Running through the SequenceFile.Sorter.merge with a fine-toothed comb and turning the profiler on it yielded interesting results.
Telling - a reasonably large job we profiled had this characteristic for a reduce which started after all maps had completed:
Note: merge was also active while shuffle was happening...
So folks get the picture...
HADOOP-3365, HADOOP-2095 etc.
2. We really need to tighten the merge code, eliminate copies etc.
HADOOP-2919 did it for the sort, we need something similar for the merge.
1. Eliminate the usage of SequenceFiles completely for intermediate sort/merge. We just need to write (key-length, key, value-length, value)* to a compressed stream. We do not need any of the features provided by the SequenceFile i.e. header, sync etc.
2. Currently the map-side sort writes out index, index.crc, data and data.crc files. This costs 4 seeks per map-reduce pair which is 4*300,000*10,000 assuming a large job with 300k maps and 10k reduces (slightly futuristic).
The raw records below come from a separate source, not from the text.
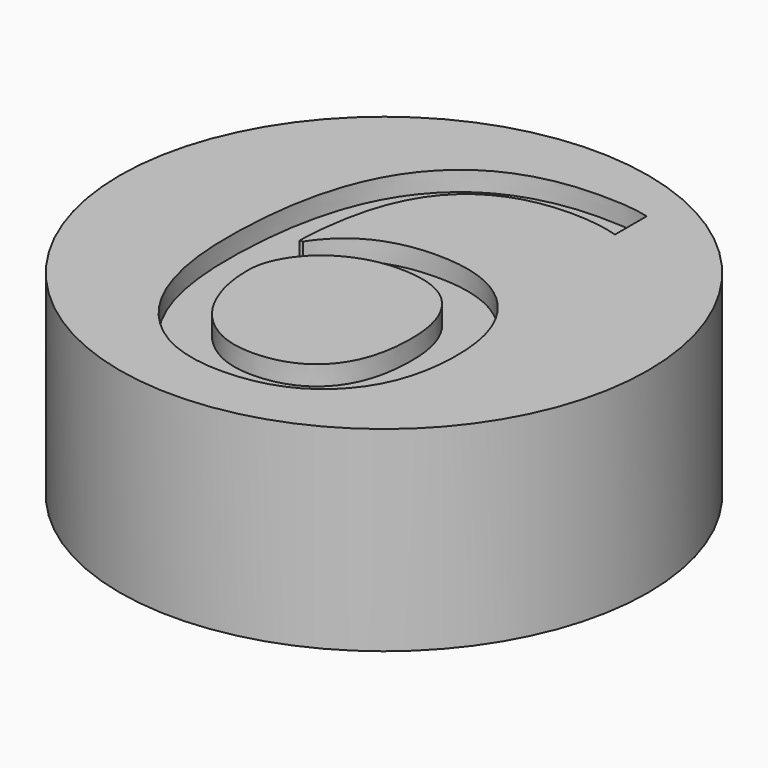
from build123d import *

# Parameters (mm, degrees)
F0_R         = 13.5
F1_DEPTH     = 10
F2_TEXT_SIZE = 29.0478649207
F3_DEPTH     = 1


# Not quite as in the source:
# - Text() gives the source's letters only with a copy of the font that has no kerning and outlines rounded to 1/6400 em; it was checked with that copy


with BuildPart() as f1:
    # F0 (on Top) → F1 (new body)
    with BuildSketch(Plane.XY):
        Circle(F0_R)
    extrude(amount=F1_DEPTH)

    # F2 (on face) → F3 (cut)
    with BuildSketch(Plane.XY.offset(10)):
        with Locations((-8.4599508423, -10.3940429915)):
            Text('6', F2_TEXT_SIZE, font='Open Sans', text_align=(TextAlign.LEFT, TextAlign.BOTTOM))
    extrude(amount=-F3_DEPTH, mode=Mode.SUBTRACT)


solid = f1.part

We could do much better by putting the crc at the end of the data file, and crc for each record in the index, cuts down seeks by 50%. Potentially we could keep the index in-memory at the TaskTracker for currently running jobs, a future optimization.
3. At the reducer, decompress the (key-length, key, value-length, value)*, check crc (flag error if necessary) and keep it.
4. Throw away RamFS, implement a simple manager who returns byte-arrays of a given size (i.e. decompressed shuffle split) until it runs out of the amount of memory available.
5. Copy the shuffled data into the byte-array and merge with other byte-arrays, write merged data to disk after compressing it.
6. Now use raw-comparators on the data in the byte-arrays for optimized compares.
This will be a reasonable first-step, measure more and optimize later.